DATA UNDER STUDY Start Marker

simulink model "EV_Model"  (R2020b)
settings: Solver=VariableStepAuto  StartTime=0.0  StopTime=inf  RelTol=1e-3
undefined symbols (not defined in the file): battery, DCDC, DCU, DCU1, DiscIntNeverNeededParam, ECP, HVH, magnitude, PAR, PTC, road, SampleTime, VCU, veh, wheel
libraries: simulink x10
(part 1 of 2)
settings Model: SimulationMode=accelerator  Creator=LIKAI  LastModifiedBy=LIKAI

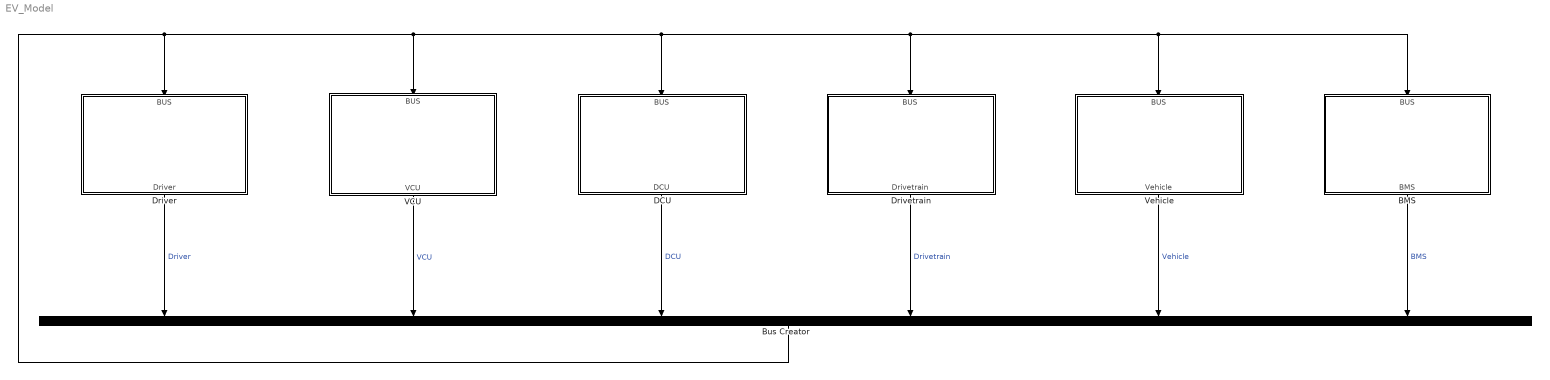
== system EV_Model ==
  BMS : Subsystem
      settings: PortSchema="{\"entries\":[{\"content\":{\"sides\":[{\"content\":{\"connectorIds\":[]},\"type\":\"ConnectorPlacement.EquallySpacedRectSide\",\"uuid\":\"ede90b11-bc22-42fb-ada4-d3cc8cd7e01b\"},{\"content\":{\"connectorIds\":[],\"side\":\"RIGHT\"},\"type\":\"ConnectorPlacement.EquallySpacedRectSide\",\"uuid\":\"291a790d-3ed9-499e-8b51-4c4b7bb0ca71\"},{\"content\":{\"connectorIds\":[\"In1\"],\"side\":\"TOP\"},\"type\":\"ConnectorPlacement.EquallySpacedRectSide\",\"uuid\":\"427db5b2-2806-4b1c-ab96-e85c737f1799\"},{\"content\":{\"connectorIds\":[\"Out1\"],\"side\":\"BOTTOM\"},\"type\":\"ConnectorPlacement.EquallySpacedRectSide\",\"uuid\":\"1165d243-ed6a-4f50-80fe-e5443602b1fc\"},{\"content\":{\"connectorIds\":[],\"side\":\"HIDDEN\"},\"type\":\"ConnectorPlacement.EquallySpacedRectSide\",\"uuid\":\"de95d8f7-8967-4dbd-bf20-0c2997ce61ce\"}]},\"type\":\"ConnectorPlacement.EquallySpacedConnector\",\"uuid\":\"60485ffc-06b9-4405-b269-3de14a5dc818\"}],\"packageUris\":[\"http://schema.mathworks.com/mf0/Connector/R2020b\"],\"version\":\"1.0\"}"
  Bus Creator : BusCreator  Inputs=6
  DCU : Subsystem
      settings: PortSchema="{\"entries\":[{\"content\":{\"sides\":[{\"content\":{\"connectorIds\":[]},\"type\":\"ConnectorPlacement.EquallySpacedRectSide\",\"uuid\":\"ede90b11-bc22-42fb-ada4-d3cc8cd7e01b\"},{\"content\":{\"connectorIds\":[],\"side\":\"RIGHT\"},\"type\":\"ConnectorPlacement.EquallySpacedRectSide\",\"uuid\":\"291a790d-3ed9-499e-8b51-4c4b7bb0ca71\"},{\"content\":{\"connectorIds\":[\"In1\"],\"side\":\"TOP\"},\"type\":\"ConnectorPlacement.EquallySpacedRectSide\",\"uuid\":\"427db5b2-2806-4b1c-ab96-e85c737f1799\"},{\"content\":{\"connectorIds\":[\"Out1\"],\"side\":\"BOTTOM\"},\"type\":\"ConnectorPlacement.EquallySpacedRectSide\",\"uuid\":\"f52060db-3c77-45a1-a434-e300d9b83897\"},{\"content\":{\"connectorIds\":[],\"side\":\"HIDDEN\"},\"type\":\"ConnectorPlacement.EquallySpacedRectSide\",\"uuid\":\"de95d8f7-8967-4dbd-bf20-0c2997ce61ce\"}]},\"type\":\"ConnectorPlacement.EquallySpacedConnector\",\"uuid\":\"60485ffc-06b9-4405-b269-3de14a5dc818\"}],\"packageUris\":[\"http://schema.mathworks.com/mf0/Connector/R2020b\"],\"version\":\"1.0\"}"
  Driver : Subsystem
      settings: PortSchema="{\"entries\":[{\"content\":{\"sides\":[{\"content\":{\"connectorIds\":[]},\"type\":\"ConnectorPlacement.EquallySpacedRectSide\",\"uuid\":\"ede90b11-bc22-42fb-ada4-d3cc8cd7e01b\"},{\"content\":{\"connectorIds\":[],\"side\":\"RIGHT\"},\"type\":\"ConnectorPlacement.EquallySpacedRectSide\",\"uuid\":\"291a790d-3ed9-499e-8b51-4c4b7bb0ca71\"},{\"content\":{\"connectorIds\":[\"In1\"],\"side\":\"TOP\"},\"type\":\"ConnectorPlacement.EquallySpacedRectSide\",\"uuid\":\"427db5b2-2806-4b1c-ab96-e85c737f1799\"},{\"content\":{\"connectorIds\":[\"Out1\"],\"side\":\"BOTTOM\"},\"type\":\"ConnectorPlacement.EquallySpacedRectSide\",\"uuid\":\"a05f4215-27ad-4dfe-901f-55fb3061c621\"},{\"content\":{\"connectorIds\":[],\"side\":\"HIDDEN\"},\"type\":\"ConnectorPlacement.EquallySpacedRectSide\",\"uuid\":\"de95d8f7-8967-4dbd-bf20-0c2997ce61ce\"}]},\"type\":\"ConnectorPlacement.EquallySpacedConnector\",\"uuid\":\"60485ffc-06b9-4405-b269-3de14a5dc818\"}],\"packageUris\":[\"http://schema.mathworks.com/mf0/Connector/R2020b\"],\"version\":\"1.0\"}"
  Drivetrain : Subsystem
      settings: PortSchema="{\"entries\":[{\"content\":{\"sides\":[{\"content\":{\"connectorIds\":[]},\"type\":\"ConnectorPlacement.EquallySpacedRectSide\",\"uuid\":\"ede90b11-bc22-42fb-ada4-d3cc8cd7e01b\"},{\"content\":{\"connectorIds\":[],\"side\":\"RIGHT\"},\"type\":\"ConnectorPlacement.EquallySpacedRectSide\",\"uuid\":\"291a790d-3ed9-499e-8b51-4c4b7bb0ca71\"},{\"content\":{\"connectorIds\":[\"In1\"],\"side\":\"TOP\"},\"type\":\"ConnectorPlacement.EquallySpacedRectSide\",\"uuid\":\"427db5b2-2806-4b1c-ab96-e85c737f1799\"},{\"content\":{\"connectorIds\":[\"Out1\"],\"side\":\"BOTTOM\"},\"type\":\"ConnectorPlacement.EquallySpacedRectSide\",\"uuid\":\"40f490df-ef26-4730-ad02-e07a11bb8b70\"},{\"content\":{\"connectorIds\":[],\"side\":\"HIDDEN\"},\"type\":\"ConnectorPlacement.EquallySpacedRectSide\",\"uuid\":\"de95d8f7-8967-4dbd-bf20-0c2997ce61ce\"}]},\"type\":\"ConnectorPlacement.EquallySpacedConnector\",\"uuid\":\"60485ffc-06b9-4405-b269-3de14a5dc818\"}],\"packageUris\":[\"http://schema.mathworks.com/mf0/Connector/R2020b\"],\"version\":\"1.0\"}"
  VCU : Subsystem
      settings: PortSchema="{\"entries\":[{\"content\":{\"sides\":[{\"content\":{\"connectorIds\":[]},\"type\":\"ConnectorPlacement.EquallySpacedRectSide\",\"uuid\":\"ede90b11-bc22-42fb-ada4-d3cc8cd7e01b\"},{\"content\":{\"connectorIds\":[],\"side\":\"RIGHT\"},\"type\":\"ConnectorPlacement.EquallySpacedRectSide\",\"uuid\":\"291a790d-3ed9-499e-8b51-4c4b7bb0ca71\"},{\"content\":{\"connectorIds\":[\"In1\"],\"side\":\"TOP\"},\"type\":\"ConnectorPlacement.EquallySpacedRectSide\",\"uuid\":\"427db5b2-2806-4b1c-ab96-e85c737f1799\"},{\"content\":{\"connectorIds\":[\"Out1\"],\"side\":\"BOTTOM\"},\"type\":\"ConnectorPlacement.EquallySpacedRectSide\",\"uuid\":\"15192dcd-7739-45f8-9f11-3c35b4b9a8fd\"},{\"content\":{\"connectorIds\":[],\"side\":\"HIDDEN\"},\"type\":\"ConnectorPlacement.EquallySpacedRectSide\",\"uuid\":\"de95d8f7-8967-4dbd-bf20-0c2997ce61ce\"}]},\"type\":\"ConnectorPlacement.EquallySpacedConnector\",\"uuid\":\"60485ffc-06b9-4405-b269-3de14a5dc818\"}],\"packageUris\":[\"http://schema.mathworks.com/mf0/Connector/R2020b\"],\"version\":\"1.0\"}"
  Vehicle : Subsystem
      settings: PortSchema="{\"entries\":[{\"content\":{\"sides\":[{\"content\":{\"connectorIds\":[]},\"type\":\"ConnectorPlacement.EquallySpacedRectSide\",\"uuid\":\"ede90b11-bc22-42fb-ada4-d3cc8cd7e01b\"},{\"content\":{\"connectorIds\":[],\"side\":\"RIGHT\"},\"type\":\"ConnectorPlacement.EquallySpacedRectSide\",\"uuid\":\"291a790d-3ed9-499e-8b51-4c4b7bb0ca71\"},{\"content\":{\"connectorIds\":[\"In1\"],\"side\":\"TOP\"},\"type\":\"ConnectorPlacement.EquallySpacedRectSide\",\"uuid\":\"427db5b2-2806-4b1c-ab96-e85c737f1799\"},{\"content\":{\"connectorIds\":[\"Out1\"],\"side\":\"BOTTOM\"},\"type\":\"ConnectorPlacement.EquallySpacedRectSide\",\"uuid\":\"01d5a7f7-95dc-4d6a-a6a5-fe54827ab0e5\"},{\"content\":{\"connectorIds\":[],\"side\":\"HIDDEN\"},\"type\":\"ConnectorPlacement.EquallySpacedRectSide\",\"uuid\":\"de95d8f7-8967-4dbd-bf20-0c2997ce61ce\"}]},\"type\":\"ConnectorPlacement.EquallySpacedConnector\",\"uuid\":\"60485ffc-06b9-4405-b269-3de14a5dc818\"}],\"packageUris\":[\"http://schema.mathworks.com/mf0/Connector/R2020b\"],\"version\":\"1.0\"}"
  wires:
  VCU/1(VCU) -> Bus Creator/2  "VCU"
  Driver/1(Driver) -> Bus Creator/1  "Driver"
  DCU/1(DCU) -> Bus Creator/3  "DCU"
  Drivetrain/1(Drivetrain) -> Bus Creator/4  "Drivetrain"
  Vehicle/1(Vehicle) -> Bus Creator/5  "Vehicle"
  BMS/1(BMS) -> Bus Creator/6  "BMS"
  Bus Creator/1 -> Drivetrain/1(BUS), BMS/1(BUS), Vehicle/1(BUS), DCU/1(BUS), VCU/1(BUS), Driver/1(BUS)

== system EV_Model/BMS ==
  BUS : Inport
  Battery Management System : Subsystem
  Bus Creator1 : BusCreator  Inputs=4
  Bus Selector : BusSelector  OutputSignals=Vehicle.AcesPwr_kW,Drivetrain.BattPwrReq_kW
  BMS : Outport  VectorParamsAs1DForOutWhenUnconnected=off
  wires:
  BUS/1 -> Bus Selector/1
  Battery Management System/1(BattSOC_1) -> Bus Creator1/1  "BattSOC_1"
  Battery Management System/2(BattVolt_V) -> Bus Creator1/2  "BattVolt_V"
  Battery Management System/3(BattPwrDischrgLmt_kW) -> Bus Creator1/3  "BattPwrDischrgLmt_kW"
  Battery Management System/4(BattPwrChrgLmt_kW) -> Bus Creator1/4  "BattPwrChrgLmt_kW"
  Bus Creator1/1 -> BMS/1
  Bus Selector/1 -> Battery Management System/1(AcesPwr_kW)  "<AcesPwr_kW>"
  Bus Selector/2 -> Battery Management System/2(BattPwrReq_kW)  "<BattPwrReq_kW>"

== system EV_Model/DCU ==
  BUS : Inport
  Bus Creator : BusCreator  Inputs=4
  Bus Selector : BusSelector  OutputSignals=BMS.BattVolt_V,Drivetrain.MotSpdAct_rpm,VCU.MotTrqReqBattPwrLimit_Nm
  Subsystem : Subsystem
  DCU : Outport  VectorParamsAs1DForOutWhenUnconnected=off
  wires:
  BUS/1 -> Bus Selector/1
  Bus Creator/1 -> DCU/1
  Subsystem/1(DCUTrqLimit_Nm) -> Bus Creator/1  "DCUTrqLimit_Nm"
  Subsystem/2(DCUPwrLimit_Nm) -> Bus Creator/2  "DCUPwrLimit_Nm"
  Subsystem/3(MotEffi2K_1) -> Bus Creator/3  "MotEffi2K_1"
  Subsystem/4(MotPwrElecReq_kW) -> Bus Creator/4  "MotPwrElecReq_kW"
  Bus Selector/1 -> Subsystem/1(BattVolt_V)  "<BattVolt_V>"
  Bus Selector/2 -> Subsystem/2(MotSpdAct_rpm)  "<MotSpdAct_rpm>"
  Bus Selector/3 -> Subsystem/3(MotTrqCmd_Nm)  "<MotTrqReqBattPwrLimit_Nm>"

== system EV_Model/Driver ==
  BUS : Inport
  Bus Creator : BusCreator  Inputs=2
  Bus Selector : BusSelector  OutputSignals=Vehicle.VehVelAct_kph
  DataTypeConversion1 : DataTypeConversion  OutDataTypeStr=double
  DataTypeConversion2 : DataTypeConversion  OutDataTypeStr=double
  DataTypeConversion6 : DataTypeConversion  OutDataTypeStr=double
  DriverModel : Subsystem
  Driver : Outport  VectorParamsAs1DForOutWhenUnconnected=off
  wires:
  Bus Selector/1 -> DataTypeConversion2/1  "<VehVelAct_kph>"
  DataTypeConversion2/1 -> DriverModel/1(VehVelAct_kph)
  DataTypeConversion1/1 -> Bus Creator/2  "WhlTrqCmd_Nm"
  DriverModel/1(VehVelTrgt_kph) -> DataTypeConversion6/1
  Bus Creator/1 -> Driver/1
  DriverModel/2(WhlTrqCmd_Nm) -> DataTypeConversion1/1
  BUS/1 -> Bus Selector/1
  DataTypeConversion6/1 -> Bus Creator/1  "VehVelTrgt_kph"

== system EV_Model/Drivetrain ==
  BUS : Inport
  Bus Creator : BusCreator  Inputs=4
  Bus Selector : BusSelector  OutputSignals=BMS.BattVolt_V,VCU.MotTrqFinalCmd_Nm,Vehicle.VehVelAct_kph
  Subsystem : Subsystem
  Drivetrain : Outport  VectorParamsAs1DForOutWhenUnconnected=off
  wires:
  Bus Creator/1 -> Drivetrain/1
  BUS/1 -> Bus Selector/1
  Subsystem/2(BattPwrReq_kW) -> Bus Creator/2  "BattPwrReq_kW"
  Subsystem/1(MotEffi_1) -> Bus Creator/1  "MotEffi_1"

DATA UNDER STUDY End Marker

### [WHAT YOU ARE ASKED TO DO]
Make a list of all lines in the data that contain "simulink".

### [RESPONSE FOR THIS EXERCISE]
simulink model "EV_Model"  (R2020b)
libraries: simulink x10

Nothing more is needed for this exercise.